Today you need to provide semantic search ("SS") or your search will be
considered broken because the results will truly suck. To provide SS you need
ML.

FTS is still commonly included in e-commerce where I guess it's not quite dead
but only because truly relevant search results are irrelevant to retailers'
bottom line.

SS is at least one magnitude more complex to set up, especially if you want to
be able to refresh your "index" and even more so if your data is big. What a
typical back-ender would wip up in a couple of days using ES/Solr you now need
a proper Math Dev to do and for the MD's model to become useful you need them
to hand it over to a distributed systems expert.

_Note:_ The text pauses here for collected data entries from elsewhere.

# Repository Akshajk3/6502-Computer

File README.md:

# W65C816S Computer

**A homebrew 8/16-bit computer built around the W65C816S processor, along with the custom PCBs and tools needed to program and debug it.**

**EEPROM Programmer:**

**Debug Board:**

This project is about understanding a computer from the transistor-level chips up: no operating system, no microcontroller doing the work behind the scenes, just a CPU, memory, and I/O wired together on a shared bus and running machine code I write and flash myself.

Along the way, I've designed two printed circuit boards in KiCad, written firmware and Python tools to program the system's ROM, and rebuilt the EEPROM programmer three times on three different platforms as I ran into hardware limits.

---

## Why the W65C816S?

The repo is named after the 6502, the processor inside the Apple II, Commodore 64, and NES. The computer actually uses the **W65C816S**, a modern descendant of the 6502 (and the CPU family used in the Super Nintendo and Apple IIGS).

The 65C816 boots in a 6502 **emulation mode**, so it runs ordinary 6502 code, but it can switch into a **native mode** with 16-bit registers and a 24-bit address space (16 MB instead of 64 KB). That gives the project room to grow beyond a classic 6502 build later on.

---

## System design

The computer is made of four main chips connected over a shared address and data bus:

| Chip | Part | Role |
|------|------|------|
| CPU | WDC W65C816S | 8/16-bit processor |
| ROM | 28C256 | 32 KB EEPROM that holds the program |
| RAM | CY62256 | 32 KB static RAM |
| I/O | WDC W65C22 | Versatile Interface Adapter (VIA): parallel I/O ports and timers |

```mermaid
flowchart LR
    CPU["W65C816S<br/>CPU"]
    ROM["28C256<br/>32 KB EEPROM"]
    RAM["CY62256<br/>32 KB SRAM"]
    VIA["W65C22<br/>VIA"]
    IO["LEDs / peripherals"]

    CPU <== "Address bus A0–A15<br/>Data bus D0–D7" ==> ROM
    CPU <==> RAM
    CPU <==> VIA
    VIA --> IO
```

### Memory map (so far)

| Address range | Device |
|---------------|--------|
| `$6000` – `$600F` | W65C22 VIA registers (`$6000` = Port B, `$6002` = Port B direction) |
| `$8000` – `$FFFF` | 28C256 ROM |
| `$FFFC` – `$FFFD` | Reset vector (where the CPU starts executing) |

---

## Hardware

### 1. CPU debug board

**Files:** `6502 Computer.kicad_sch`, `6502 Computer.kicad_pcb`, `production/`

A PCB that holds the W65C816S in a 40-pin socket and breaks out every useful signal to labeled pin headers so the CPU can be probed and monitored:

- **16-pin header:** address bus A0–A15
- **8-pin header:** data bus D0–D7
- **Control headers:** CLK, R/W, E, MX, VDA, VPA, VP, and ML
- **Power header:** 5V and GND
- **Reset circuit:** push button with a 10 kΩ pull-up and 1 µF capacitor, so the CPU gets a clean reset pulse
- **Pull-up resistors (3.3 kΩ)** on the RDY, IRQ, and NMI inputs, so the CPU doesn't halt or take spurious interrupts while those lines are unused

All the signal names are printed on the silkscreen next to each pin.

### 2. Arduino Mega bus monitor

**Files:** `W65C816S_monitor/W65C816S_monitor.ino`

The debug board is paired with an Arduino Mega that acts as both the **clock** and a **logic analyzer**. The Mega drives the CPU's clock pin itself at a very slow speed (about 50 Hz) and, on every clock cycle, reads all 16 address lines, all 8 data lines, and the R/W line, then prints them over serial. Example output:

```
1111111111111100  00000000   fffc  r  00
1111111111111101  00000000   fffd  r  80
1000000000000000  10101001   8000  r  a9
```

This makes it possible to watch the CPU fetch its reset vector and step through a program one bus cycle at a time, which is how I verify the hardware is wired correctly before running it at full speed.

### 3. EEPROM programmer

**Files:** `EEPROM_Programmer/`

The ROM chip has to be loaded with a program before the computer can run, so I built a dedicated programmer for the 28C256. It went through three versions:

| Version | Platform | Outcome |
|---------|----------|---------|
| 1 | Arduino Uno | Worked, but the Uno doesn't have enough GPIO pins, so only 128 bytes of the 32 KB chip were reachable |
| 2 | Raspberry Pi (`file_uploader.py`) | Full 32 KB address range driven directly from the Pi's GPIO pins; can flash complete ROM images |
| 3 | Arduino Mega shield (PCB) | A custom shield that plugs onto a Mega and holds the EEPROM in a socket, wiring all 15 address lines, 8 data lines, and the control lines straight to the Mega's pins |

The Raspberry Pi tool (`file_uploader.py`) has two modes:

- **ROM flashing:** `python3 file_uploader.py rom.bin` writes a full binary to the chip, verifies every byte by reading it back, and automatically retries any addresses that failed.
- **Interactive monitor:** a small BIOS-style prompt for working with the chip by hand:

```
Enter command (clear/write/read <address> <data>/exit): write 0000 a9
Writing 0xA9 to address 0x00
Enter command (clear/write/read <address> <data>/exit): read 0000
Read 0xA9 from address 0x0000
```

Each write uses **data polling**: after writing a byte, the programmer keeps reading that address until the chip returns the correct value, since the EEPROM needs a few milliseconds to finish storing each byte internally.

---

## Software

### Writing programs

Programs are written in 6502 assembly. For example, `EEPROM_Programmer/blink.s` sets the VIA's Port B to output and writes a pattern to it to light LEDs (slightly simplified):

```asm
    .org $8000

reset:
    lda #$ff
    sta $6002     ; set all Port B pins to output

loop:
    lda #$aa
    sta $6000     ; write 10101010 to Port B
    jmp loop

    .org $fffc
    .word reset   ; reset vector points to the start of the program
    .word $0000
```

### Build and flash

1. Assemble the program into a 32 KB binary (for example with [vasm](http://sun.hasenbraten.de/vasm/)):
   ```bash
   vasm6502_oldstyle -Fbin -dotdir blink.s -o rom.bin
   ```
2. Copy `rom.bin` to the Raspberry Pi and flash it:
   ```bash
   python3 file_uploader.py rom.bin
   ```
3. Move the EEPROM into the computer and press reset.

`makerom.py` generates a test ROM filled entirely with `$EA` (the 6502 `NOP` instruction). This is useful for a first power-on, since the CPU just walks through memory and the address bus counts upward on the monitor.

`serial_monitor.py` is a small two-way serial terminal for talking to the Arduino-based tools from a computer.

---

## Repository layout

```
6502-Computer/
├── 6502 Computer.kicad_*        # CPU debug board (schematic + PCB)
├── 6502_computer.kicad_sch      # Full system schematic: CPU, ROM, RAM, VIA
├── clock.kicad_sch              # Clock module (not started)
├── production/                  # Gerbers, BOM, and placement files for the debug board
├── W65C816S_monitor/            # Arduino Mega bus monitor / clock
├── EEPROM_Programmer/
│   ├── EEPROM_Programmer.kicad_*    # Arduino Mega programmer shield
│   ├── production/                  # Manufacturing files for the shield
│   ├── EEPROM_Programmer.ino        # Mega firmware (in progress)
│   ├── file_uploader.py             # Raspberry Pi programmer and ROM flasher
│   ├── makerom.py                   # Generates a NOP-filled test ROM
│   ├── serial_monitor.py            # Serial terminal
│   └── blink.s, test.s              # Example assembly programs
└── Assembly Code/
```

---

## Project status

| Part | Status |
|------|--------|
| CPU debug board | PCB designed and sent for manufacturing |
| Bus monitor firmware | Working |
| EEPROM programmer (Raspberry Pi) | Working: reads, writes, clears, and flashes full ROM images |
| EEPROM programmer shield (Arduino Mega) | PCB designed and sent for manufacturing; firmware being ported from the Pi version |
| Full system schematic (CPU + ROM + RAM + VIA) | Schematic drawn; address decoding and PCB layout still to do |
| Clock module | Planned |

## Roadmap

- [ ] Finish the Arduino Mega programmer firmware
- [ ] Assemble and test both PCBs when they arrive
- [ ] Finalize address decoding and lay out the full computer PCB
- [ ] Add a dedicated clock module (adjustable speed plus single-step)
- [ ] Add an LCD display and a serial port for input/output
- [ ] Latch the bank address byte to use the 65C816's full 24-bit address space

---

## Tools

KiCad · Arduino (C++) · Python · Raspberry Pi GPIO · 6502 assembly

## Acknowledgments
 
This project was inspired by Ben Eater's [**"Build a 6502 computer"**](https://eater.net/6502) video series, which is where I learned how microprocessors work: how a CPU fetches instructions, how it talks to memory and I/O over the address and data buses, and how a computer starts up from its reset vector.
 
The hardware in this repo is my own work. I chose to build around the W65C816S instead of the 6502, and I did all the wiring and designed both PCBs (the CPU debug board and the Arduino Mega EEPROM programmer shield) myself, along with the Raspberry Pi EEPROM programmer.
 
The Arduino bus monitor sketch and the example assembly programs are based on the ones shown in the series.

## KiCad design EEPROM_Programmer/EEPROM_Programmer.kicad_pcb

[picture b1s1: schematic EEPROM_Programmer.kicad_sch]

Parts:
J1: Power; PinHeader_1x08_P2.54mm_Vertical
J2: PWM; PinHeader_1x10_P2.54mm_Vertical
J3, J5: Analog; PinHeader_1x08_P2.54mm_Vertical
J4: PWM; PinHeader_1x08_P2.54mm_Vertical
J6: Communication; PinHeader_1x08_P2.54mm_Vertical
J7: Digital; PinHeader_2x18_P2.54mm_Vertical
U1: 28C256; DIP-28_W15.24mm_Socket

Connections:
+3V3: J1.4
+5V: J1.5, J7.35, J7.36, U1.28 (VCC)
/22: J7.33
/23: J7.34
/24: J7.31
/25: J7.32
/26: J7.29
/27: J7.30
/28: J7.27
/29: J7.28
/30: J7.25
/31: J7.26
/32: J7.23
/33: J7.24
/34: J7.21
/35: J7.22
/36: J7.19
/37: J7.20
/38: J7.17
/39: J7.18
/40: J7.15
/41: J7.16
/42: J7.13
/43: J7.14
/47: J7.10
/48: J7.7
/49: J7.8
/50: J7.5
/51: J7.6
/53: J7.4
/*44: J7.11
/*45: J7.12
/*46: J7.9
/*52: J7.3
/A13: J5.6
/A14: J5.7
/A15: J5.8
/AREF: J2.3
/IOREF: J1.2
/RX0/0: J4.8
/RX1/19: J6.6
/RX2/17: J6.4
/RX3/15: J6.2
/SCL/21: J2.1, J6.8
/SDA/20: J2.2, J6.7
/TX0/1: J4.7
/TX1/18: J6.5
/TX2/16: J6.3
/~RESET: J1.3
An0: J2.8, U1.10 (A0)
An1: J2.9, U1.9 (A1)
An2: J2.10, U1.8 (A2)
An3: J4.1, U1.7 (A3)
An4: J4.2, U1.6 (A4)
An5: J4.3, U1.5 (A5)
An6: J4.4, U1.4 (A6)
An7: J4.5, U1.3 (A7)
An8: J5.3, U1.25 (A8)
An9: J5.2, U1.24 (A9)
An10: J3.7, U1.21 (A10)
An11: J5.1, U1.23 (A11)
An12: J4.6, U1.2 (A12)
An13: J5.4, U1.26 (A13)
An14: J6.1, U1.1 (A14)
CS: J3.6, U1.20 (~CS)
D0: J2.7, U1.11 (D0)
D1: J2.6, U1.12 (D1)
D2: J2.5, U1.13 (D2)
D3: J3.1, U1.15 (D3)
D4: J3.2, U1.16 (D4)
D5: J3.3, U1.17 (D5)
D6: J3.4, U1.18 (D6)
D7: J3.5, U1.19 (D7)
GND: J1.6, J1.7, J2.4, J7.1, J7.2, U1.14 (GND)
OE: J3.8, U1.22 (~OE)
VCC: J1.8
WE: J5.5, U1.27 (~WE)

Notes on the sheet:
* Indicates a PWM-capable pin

SS through ML is commonly a nasty, duct-taped work-flow that at best results
in a system that looks more like a POC or DEMO than a proper production
system, unless you work at Bing/Google that is (probably, but I have no hands-
on experience of those systems).

I've been trying for years, I'd say at least ten, to try to "commoditize" this
work flow, make it simpler, more usable for generalist devs (not just ML
people) but no matter what I do I keep getting crushed under the weight of the
data. To me it seems search is dead and we haven't appointed a new king.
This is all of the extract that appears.